Please give back only the lines below from the one containing "line L36 (46.8036, -13.3812)" to the one containing "line L49 (61.4227, -23.8269)", each repeated word for word, both ends included.

(Task material begins)

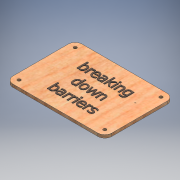
# Autodesk Inventor part: PromptPanel
Saved by Autodesk Inventor 2016 (Build 200138000, 138)
## iProperties
Created: 2015-09-18
Part Number: PromptPanel
Material: Generic
Document SubType Name: Modeling
Designer: Erin
Density: 1 g/cm^3
Appearance: Default
Author: Erin
Autodesk Inventor part; units mm, degrees
(part 1 of 2)
ref_plane "YZ Plane" through (0, 0, 0) normal (1, 0, 0) x (0, 1, 0)
ref_plane "XZ Plane" through (0, 0, 0) normal (0, 1, 0) x (-1, 0, 0)
ref_plane "XY Plane" through (0, 0, 0) normal (0, 0, 1) x (1, 0, 0)
derived "FrontPanel.ipt"
sketch "Sketch1" plane through (0, 0, 0) normal (0, 0, 1) x (1, 0, 0)
  line L0 (-60, 85) -> (60, 85)
  line L1 (60, 85) -> (60, -85)
  line L2 (60, -85) -> (-60, -85)
  line L3 (-60, -85) -> (-60, 85)
  line L4 (-50, 56.6301) -> (50, 56.6301)
  line L5 (50, 56.6301) -> (50, -13.3699)
  line L6 (50, -13.3699) -> (-50, -13.3699)
  line L7 (-50, -13.3699) -> (-50, 56.6301)
  circle A0 centre (-25, -55) radius 13.85
  circle A1 centre (-25, -24.425) radius 2.7
  circle A2 centre (25, -24.425) radius 2.7
  line L8 (-25, 85) -> (-25, -85) construction
  line L9 (-60, -55) -> (60, -55) construction
  circle A3 centre (-25, -55) radius 17.875 construction
  line L10 (25, 85) -> (25, -85) construction
  circle A4 centre (25, -55) radius 13.85
  circle A5 centre (25, -55) radius 17.875 construction
  circle A6 centre (-53.4, -78.4) radius 1.6
  line L11 (-52.9471, 75) -> (52.9471, 75) construction
  line L12 (52.9471, 75) -> (52.9471, 66.6301) construction
  line L13 (52.9471, 66.6301) -> (-52.9471, 66.6301) construction
  line L14 (-52.9471, 66.6301) -> (-52.9471, 75) construction
  circle A7 centre (-43.4, -6.7699) radius 1.6
  line L15 (-50, 21.6301) -> (50, 21.6301) construction
  line L16 (0, 56.6301) -> (0, -13.3699) construction
  circle A8 centre (-43.4, 50.0301) radius 1.6
  circle A9 centre (43.4, 50.0301) radius 1.6
  circle A10 centre (43.4, -6.7699) radius 1.6
  line L17 (-60, 0) -> (60, 0) construction
  circle A11 centre (53.4, -78.4) radius 1.6
  circle A12 centre (53.4, 78.4) radius 1.6
  circle A13 centre (-53.4, 78.4) radius 1.6
  point P0 (0, 0)
  point P1 (0, 85)
  point P2 (0, 75)
extrude "Extrusion1" add sketch "Sketch1" along normal blind 3 contours L4 L5 L6 L7
fillet "Fillet1" radius 7 4 edges at (-50, -13.3699, 1.5) (-50, 56.6301, 1.5) (50, 56.6301, 1.5) (50, -13.3699, 1.5)
sketch "Sketch2" plane through (-43, 56.6301, 3) normal (0, 0, 1) x (1, 0, 0)
  line L0 (25.4474, -13.3812) -> (62.0414, -13.3812) construction
  line L1 (62.0414, -13.3812) -> (62.0414, -43.8913) construction
  line L2 (62.0414, -43.8913) -> (25.4474, -43.8913) construction
  line L3 (25.4474, -43.8913) -> (25.4474, -13.3812) construction
  spline S0 degree 2 poles (24.8101, -19.9533) (24.8101, -21.7928) (23.0272, -24.0376) (21.682, -24.0376) knots 0 0 0 1 2 2 2
  spline S1 degree 2 poles (21.682, -24.0376) (21.0742, -24.0376) (20.2071, -23.7377) (19.7857, -23.4784) knots 0 0 0 1 2 2 2
  line L4 (19.7857, -23.4784) -> (19.7047, -23.8269)
  line L5 (19.7047, -23.8269) -> (18.5216, -23.8269)
  line L6 (18.5216, -23.8269) -> (18.5216, -13.3812)
  line L7 (18.5216, -13.3812) -> (19.7857, -13.3812)
  line L8 (19.7857, -13.3812) -> (19.7857, -17.1089)
  spline S2 degree 2 poles (19.7857, -17.1089) (20.2639, -16.6794) (21.3741, -16.1121) (22.0791, -16.1121) knots 0 0 0 1 2 2 2
  spline S3 degree 2 poles (22.0791, -16.1121) (23.3514, -16.1121) (24.8101, -18.1462) (24.8101, -19.9533) knots 0 0 0 1 2 2 2
  spline S4 degree 2 poles (23.5054, -20.0505) (23.5054, -18.7053) (22.6869, -17.3115) (21.7793, -17.3115) knots 0 0 0 1 2 2 2
  spline S5 degree 2 poles (21.7793, -17.3115) (21.2687, -17.3115) (20.2152, -17.7977) (19.7857, -18.1705) knots 0 0 0 1 2 2 2
  line L9 (19.7857, -18.1705) -> (19.7857, -22.4735)
  spline S6 degree 2 poles (19.7857, -22.4735) (20.2639, -22.7085) (21.0013, -22.903) (21.4389, -22.903) knots 0 0 0 1 2 2 2
  spline S7 degree 2 poles (21.4389, -22.903) (22.4032, -22.903) (23.5054, -21.5335) (23.5054, -20.0505) knots 0 0 0 1 2 2 2
  line L10 (30.1018, -17.6761) -> (30.037, -17.6761)
  spline S8 degree 2 poles (30.037, -17.6761) (29.8911, -17.6356) (29.575, -17.6194) (29.3562, -17.6194) knots 0 0 0 1 2 2 2
  spline S9 degree 2 poles (29.3562, -17.6194) (28.8457, -17.6194) (27.8408, -18.0651) (27.387, -18.5027) knots 0 0 0 1 2 2 2
  line L11 (27.387, -18.5027) -> (27.387, -23.8269)
  line L12 (27.387, -23.8269) -> (26.1229, -23.8269)
  line L13 (26.1229, -23.8269) -> (26.1229, -16.3228)
  line L14 (26.1229, -16.3228) -> (27.387, -16.3228)
  line L15 (27.387, -16.3228) -> (27.387, -17.4411)
  spline S10 degree 2 poles (27.387, -17.4411) (28.0759, -16.8252) (29.105, -16.3228) (29.5913, -16.3228) knots 0 0 0 1 2 2 2
  spline S11 degree 2 poles (29.5913, -16.3228) (29.7857, -16.3228) (29.9802, -16.339) (30.1018, -16.3633) knots 0 0 0 1 2 2 2
  line L16 (30.1018, -16.3633) -> (30.1018, -17.6761)
  spline S12 degree 2 poles (34.34, -23.997) (32.541, -23.997) (30.5637, -21.9792) (30.5637, -20.1154) knots 0 0 0 1 2 2 2
  spline S13 degree 2 poles (30.5637, -20.1154) (30.5637, -18.2839) (32.4843, -16.1121) (34.0321, -16.1121) knots 0 0 0 1 2 2 2
  spline S14 degree 2 poles (34.0321, -16.1121) (34.729, -16.1121) (35.8068, -16.5173) (36.2039, -16.9468) knots 0 0 0 1 2 2 2
  spline S15 degree 2 poles (36.2039, -16.9468) (36.6091, -17.3763) (37.0386, -18.6162) (37.0386, -19.5157) knots 0 0 0 1 2 2 2
  line L17 (37.0386, -19.5157) -> (37.0386, -20.2045)
  line L18 (37.0386, -20.2045) -> (31.8441, -20.2045)
  spline S16 degree 2 poles (31.8441, -20.2045) (31.8441, -21.5092) (33.1569, -22.8949) (34.3238, -22.8949) knots 0 0 0 1 2 2 2
  spline S17 degree 2 poles (34.3238, -22.8949) (34.7371, -22.8949) (35.5394, -22.7085) (35.8635, -22.5627) knots 0 0 0 1 2 2 2
  spline S18 degree 2 poles (35.8635, -22.5627) (36.2039, -22.4006) (36.6739, -22.117) (36.8279, -21.9873) knots 0 0 0 1 2 2 2
  line L19 (36.8279, -21.9873) -> (36.9008, -21.9873)
  line L20 (36.9008, -21.9873) -> (36.9008, -23.365)
  spline S19 degree 2 poles (36.9008, -23.365) (36.682, -23.4541) (36.0175, -23.7134) (35.7582, -23.7863) knots 0 0 0 1 2 2 2
  spline S20 degree 2 poles (35.7582, -23.7863) (35.3935, -23.8917) (34.7938, -23.997) (34.34, -23.997) knots 0 0 0 1 2 2 2
  spline S21 degree 2 poles (35.8068, -19.2402) (35.7906, -18.7296) (35.5799, -17.9841) (35.3773, -17.7329) knots 0 0 0 1 2 2 2
  spline S22 degree 2 poles (35.3773, -17.7329) (35.1585, -17.4492) (34.4697, -17.1494) (33.9592, -17.1494) knots 0 0 0 1 2 2 2
  spline S23 degree 2 poles (33.9592, -17.1494) (33.4567, -17.1494) (32.7517, -17.4492) (32.46, -17.741) knots 0 0 0 1 2 2 2
  spline S24 degree 2 poles (32.46, -17.741) (32.1763, -18.0408) (31.8846, -18.762) (31.8441, -19.2402) knots 0 0 0 1 2 2 2
  line L21 (31.8441, -19.2402) -> (35.8068, -19.2402)
  spline S25 degree 2 poles (42.5005, -23.0327) (42.3465, -23.1462) (41.8279, -23.5513) (41.5848, -23.6729) knots 0 0 0 1 2 2 2
  spline S26 degree 2 poles (41.5848, -23.6729) (41.2525, -23.8512) (40.6285, -24.0376) (40.0613, -24.0376) knots 0 0 0 1 2 2 2
  spline S27 degree 2 poles (40.0613, -24.0376) (39.5994, -24.0376) (38.7647, -23.6891) (38.4486, -23.3731) knots 0 0 0 1 2 2 2
  spline S28 degree 2 poles (38.4486, -23.3731) (38.1488, -23.0651) (37.7841, -22.1575) (37.7841, -21.6551) knots 0 0 0 1 2 2 2
  spline S29 degree 2 poles (37.7841, -21.6551) (37.7841, -20.8771) (38.4405, -19.775) (39.1537, -19.459) knots 0 0 0 1 2 2 2
  spline S30 degree 2 poles (39.1537, -19.459) (39.7857, -19.1672) (41.5037, -18.9484) (42.5005, -18.8917) knots 0 0 0 1 2 2 2
  line L22 (42.5005, -18.8917) -> (42.5005, -18.6486)
  spline S31 degree 2 poles (42.5005, -18.6486) (42.5005, -18.211) (42.2331, -17.668) (41.99, -17.5141) knots 0 0 0 1 2 2 2
  spline S32 degree 2 poles (41.99, -17.5141) (41.7468, -17.3601) (41.0499, -17.2628) (40.6772, -17.2628) knots 0 0 0 1 2 2 2
  spline S33 degree 2 poles (40.6772, -17.2628) (40.2396, -17.2628) (39.0564, -17.5222) (38.4648, -17.7734) knots 0 0 0 1 2 2 2
  line L23 (38.4648, -17.7734) -> (38.3919, -17.7734)
  line L24 (38.3919, -17.7734) -> (38.3919, -16.4849)
  spline S34 degree 2 poles (38.3919, -16.4849) (38.7404, -16.3876) (40.0451, -16.1445) (40.6853, -16.1445) knots 0 0 0 1 2 2 2
  spline S35 degree 2 poles (40.6853, -16.1445) (41.4632, -16.1445) (42.5248, -16.3876) (42.9462, -16.7037) knots 0 0 0 1 2 2 2
  spline S36 degree 2 poles (42.9462, -16.7037) (43.3595, -17.0116) (43.7647, -17.9922) (43.7647, -18.6972) knots 0 0 0 1 2 2 2
  line L25 (43.7647, -18.6972) -> (43.7647, -23.8269)
  line L26 (43.7647, -23.8269) -> (42.5005, -23.8269)
  line L27 (42.5005, -23.8269) -> (42.5005, -23.0327)
  line L28 (42.5005, -21.9792) -> (42.5005, -19.8966)
  spline S37 degree 2 poles (42.5005, -19.8966) (42.0467, -19.9371) (40.6772, -20.0748) (40.2477, -20.2045) knots 0 0 0 1 2 2 2
  spline S38 degree 2 poles (40.2477, -20.2045) (39.7452, -20.3585) (39.0888, -20.9987) (39.0888, -21.5659) knots 0 0 0 1 2 2 2
  spline S39 degree 2 poles (39.0888, -21.5659) (39.0888, -22.2142) (39.8182, -22.8706) (40.5151, -22.8706) knots 0 0 0 1 2 2 2
  spline S40 degree 2 poles (40.5151, -22.8706) (41.1066, -22.8706) (42.0791, -22.3601) (42.5005, -21.9792) knots 0 0 0 1 2 2 2
  line L29 (51.7549, -23.8269) -> (50.0937, -23.8269)
  line L30 (50.0937, -23.8269) -> (47.306, -20.2045)
  line L31 (47.306, -20.2045) -> (46.8036, -20.6907)
  line L32 (46.8036, -20.6907) -> (46.8036, -23.8269)
  line L33 (46.8036, -23.8269) -> (45.5394, -23.8269)
  line L34 (45.5394, -23.8269) -> (45.5394, -13.3812)
  line L35 (45.5394, -13.3812) -> (46.8036, -13.3812)
  line L36 (46.8036, -13.3812) -> (46.8036, -19.4914)
  line L37 (46.8036, -19.4914) -> (49.7695, -16.3228)
  line L38 (49.7695, -16.3228) -> (51.3417, -16.3228)
  line L39 (51.3417, -16.3228) -> (48.2622, -19.459)
  line L40 (48.2622, -19.459) -> (51.7549, -23.8269)
  line L41 (53.6755, -23.8269) -> (52.4113, -23.8269)
  line L42 (52.4113, -23.8269) -> (52.4113, -16.3228)
  line L43 (52.4113, -16.3228) -> (53.6755, -16.3228)
  line L44 (53.6755, -16.3228) -> (53.6755, -23.8269)
  line L45 (53.7647, -15.0748) -> (52.3303, -15.0748)
  line L46 (52.3303, -15.0748) -> (52.3303, -13.762)
  line L47 (52.3303, -13.762) -> (53.7647, -13.762)
  line L48 (53.7647, -13.762) -> (53.7647, -15.0748)
  line L49 (61.4227, -23.8269) -> (60.1585, -23.8269)
  line L50 (60.1585, -23.8269) -> (60.1585, -19.5481)
  spline S41 degree 2 poles (60.1585, -19.5481) (60.1585, -19.0295) (60.0613, -18.138) (59.9154, -17.8706) knots 0 0 0 1 2 2 2
  spline S42 degree 2 poles (59.9154, -17.8706) (59.7614, -17.587) (59.2104, -17.3115) (58.7404, -17.3115) knots 0 0 0 1 2 2 2
  spline S43 degree 2 poles (58.7404, -17.3115) (58.2703, -17.3115) (57.2736, -17.8139) (56.7955, -18.2191) knots 0 0 0 1 2 2 2
  line L51 (56.7955, -18.2191) -> (56.7955, -23.8269)
  line L52 (56.7955, -23.8269) -> (55.5313, -23.8269)
  line L53 (55.5313, -23.8269) -> (55.5313, -16.3228)
  line L54 (55.5313, -16.3228) -> (56.7955, -16.3228)
  line L55 (56.7955, -16.3228) -> (56.7955, -17.1575)
  spline S44 degree 2 poles (56.7955, -17.1575) (57.3627, -16.647) (58.4567, -16.1121) (59.0726, -16.1121) knots 0 0 0 1 2 2 2
  spline S45 degree 2 poles (59.0726, -16.1121) (60.1747, -16.1121) (61.4227, -17.5708) (61.4227, -18.9565) knots 0 0 0 1 2 2 2
  line L56 (61.4227, -18.9565) -> (61.4227, -23.8269)
  spline S46 degree 2 poles (63.4648, -25.0262) (63.5945, -25.0829) (64.0888, -25.2612) (64.4049, -25.3342) knots 0 0 0 1 2 2 2
  spline S47 degree 2 poles (64.4049, -25.3342) (64.7533, -25.4233) (65.3449, -25.5286) (65.6934, -25.5286) knots 0 0 0 1 2 2 2
  spline S48 degree 2 poles (65.6934, -25.5286) (66.2768, -25.5286) (67.0872, -25.2207) (67.3141, -24.9452) knots 0 0 0 1 2 2 2
  spline S49 degree 2 poles (67.3141, -24.9452) (67.5329, -24.6697) (67.7031, -23.9484) (67.7031, -23.4865) knots 0 0 0 1 2 2 2
  line L57 (67.7031, -23.4865) -> (67.7031, -22.8301)
  spline S50 degree 2 poles (67.7031, -22.8301) (67.1925, -23.2758) (66.212, -23.6972) (65.4746, -23.6972) knots 0 0 0 1 2 2 2
  spline S51 degree 2 poles (65.4746, -23.6972) (64.1942, -23.6972) (62.6788, -21.7928) (62.6788, -20.0019) knots 0 0 0 1 2 2 2
  spline S52 degree 2 poles (62.6788, -20.0019) (62.6788, -19.07) (63.2055, -17.6275) (63.6431, -17.117) knots 0 0 0 1 2 2 2
  spline S53 degree 2 poles (63.6431, -17.117) (64.0645, -16.6389) (65.2233, -16.1121) (65.8392, -16.1121) knots 0 0 0 1 2 2 2
  spline S54 degree 2 poles (65.8392, -16.1121) (66.4227, -16.1121) (67.2736, -16.3876) (67.7031, -16.6389) knots 0 0 0 1 2 2 2
  line L58 (67.7031, -16.6389) -> (67.776, -16.3228)
  line L59 (67.776, -16.3228) -> (68.9673, -16.3228)
  line L60 (68.9673, -16.3228) -> (68.9673, -22.9679)
  spline S55 degree 2 poles (68.9673, -22.9679) (68.9673, -24.8803) (67.306, -26.6632) (65.5961, -26.6632) knots 0 0 0 1 2 2 2
  spline S56 degree 2 poles (65.5961, -26.6632) (65.0451, -26.6632) (63.8943, -26.4849) (63.4, -26.339) knots 0 0 0 1 2 2 2
  line L61 (63.4, -26.339) -> (63.4, -25.0262)
  line L62 (63.4, -25.0262) -> (63.4648, -25.0262)
  line L63 (67.7031, -21.7928) -> (67.7031, -17.668)
  spline S57 degree 2 poles (67.7031, -17.668) (67.2331, -17.4411) (66.4389, -17.2466) (66.0418, -17.2466) knots 0 0 0 1 2 2 2
  spline S58 degree 2 poles (66.0418, -17.2466) (65.0856, -17.2466) (63.9835, -18.6567) (63.9835, -19.9776) knots 0 0 0 1 2 2 2
  spline S59 degree 2 poles (63.9835, -19.9776) (63.9835, -21.2256) (64.8182, -22.5303) (65.7582, -22.5303) knots 0 0 0 1 2 2 2
  spline S60 degree 2 poles (65.7582, -22.5303) (66.2525, -22.5303) (67.2898, -22.1413) (67.7031, -21.7928) knots 0 0 0 1 2 2 2
  line L64 (33.9632, -40.2916) -> (32.699, -40.2916)
  line L65 (32.699, -40.2916) -> (32.699, -39.5298)
  spline S61 degree 2 poles (32.699, -39.5298) (32.4073, -39.773) (31.9778, -40.0971) (31.6861, -40.2349) knots 0 0 0 1 2 2 2
  spline S62 degree 2 poles (31.6861, -40.2349) (31.4186, -40.3645) (30.8433, -40.5023) (30.4624, -40.5023) knots 0 0 0 1 2 2 2
  spline S63 degree 2 poles (30.4624, -40.5023) (29.8465, -40.5023) (28.8092, -39.9918) (28.4446, -39.4974) knots 0 0 0 1 2 2 2
  spline S64 degree 2 poles (28.4446, -39.4974) (28.0799, -39.0031) (27.6747, -37.5444) (27.6747, -36.5963) knots 0 0 0 1 2 2 2
  spline S65 degree 2 poles (27.6747, -36.5963) (27.6747, -35.6076) (28.1853, -34.1652) (28.631, -33.6222) knots 0 0 0 1 2 2 2
  spline S66 degree 2 poles (28.631, -33.6222) (29.0442, -33.136) (30.2031, -32.5769) (30.8433, -32.5769) knots 0 0 0 1 2 2 2
  spline S67 degree 2 poles (30.8433, -32.5769) (31.4024, -32.5769) (32.2371, -32.8281) (32.699, -33.0874) knots 0 0 0 1 2 2 2
  line L66 (32.699, -33.0874) -> (32.699, -29.8459)
  line L67 (32.699, -29.8459) -> (33.9632, -29.8459)
  line L68 (33.9632, -29.8459) -> (33.9632, -40.2916)
  line L69 (32.699, -38.4683) -> (32.699, -34.1328)
  spline S68 degree 2 poles (32.699, -34.1328) (32.229, -33.9059) (31.4835, -33.7357) (31.054, -33.7357) knots 0 0 0 1 2 2 2
  spline S69 degree 2 poles (31.054, -33.7357) (30.0815, -33.7357) (28.9794, -35.1944) (28.9794, -36.572) knots 0 0 0 1 2 2 2
  spline S70 degree 2 poles (28.9794, -36.572) (28.9794, -37.901) (29.8222, -39.3029) (30.7541, -39.3029) knots 0 0 0 1 2 2 2
  spline S71 degree 2 poles (30.7541, -39.3029) (31.2485, -39.3029) (32.2533, -38.8491) (32.699, -38.4683) knots 0 0 0 1 2 2 2
  spline S72 degree 2 poles (41.9616, -36.5396) (41.9616, -38.4358) (40.1383, -40.5023) (38.6148, -40.5023) knots 0 0 0 1 2 2 2
  spline S73 degree 2 poles (38.6148, -40.5023) (37.0507, -40.5023) (35.2598, -38.371) (35.2598, -36.5396) knots 0 0 0 1 2 2 2
  spline S74 degree 2 poles (35.2598, -36.5396) (35.2598, -34.6595) (37.1075, -32.5769) (38.6148, -32.5769) knots 0 0 0 1 2 2 2
  spline S75 degree 2 poles (38.6148, -32.5769) (40.1383, -32.5769) (41.9616, -34.6514) (41.9616, -36.5396) knots 0 0 0 1 2 2 2
  spline S76 degree 2 poles (40.6569, -36.5396) (40.6569, -35.0809) (39.5953, -33.6628) (38.6148, -33.6628) knots 0 0 0 1 2 2 2
  spline S77 degree 2 poles (38.6148, -33.6628) (37.6342, -33.6628) (36.5645, -35.0809) (36.5645, -36.5396) knots 0 0 0 1 2 2 2
  spline S78 degree 2 poles (36.5645, -36.5396) (36.5645, -37.9577) (37.6342, -39.4164) (38.6148, -39.4164) knots 0 0 0 1 2 2 2
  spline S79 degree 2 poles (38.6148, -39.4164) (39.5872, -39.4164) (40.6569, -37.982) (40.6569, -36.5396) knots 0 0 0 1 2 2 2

(Task material ends)

# Task result
  line L36 (46.8036, -13.3812) -> (46.8036, -19.4914)
  line L37 (46.8036, -19.4914) -> (49.7695, -16.3228)
  line L38 (49.7695, -16.3228) -> (51.3417, -16.3228)
  line L39 (51.3417, -16.3228) -> (48.2622, -19.459)
  line L40 (48.2622, -19.459) -> (51.7549, -23.8269)
  line L41 (53.6755, -23.8269) -> (52.4113, -23.8269)
  line L42 (52.4113, -23.8269) -> (52.4113, -16.3228)
  line L43 (52.4113, -16.3228) -> (53.6755, -16.3228)
  line L44 (53.6755, -16.3228) -> (53.6755, -23.8269)
  line L45 (53.7647, -15.0748) -> (52.3303, -15.0748)
  line L46 (52.3303, -15.0748) -> (52.3303, -13.762)
  line L47 (52.3303, -13.762) -> (53.7647, -13.762)
  line L48 (53.7647, -13.762) -> (53.7647, -15.0748)
  line L49 (61.4227, -23.8269) -> (60.1585, -23.8269)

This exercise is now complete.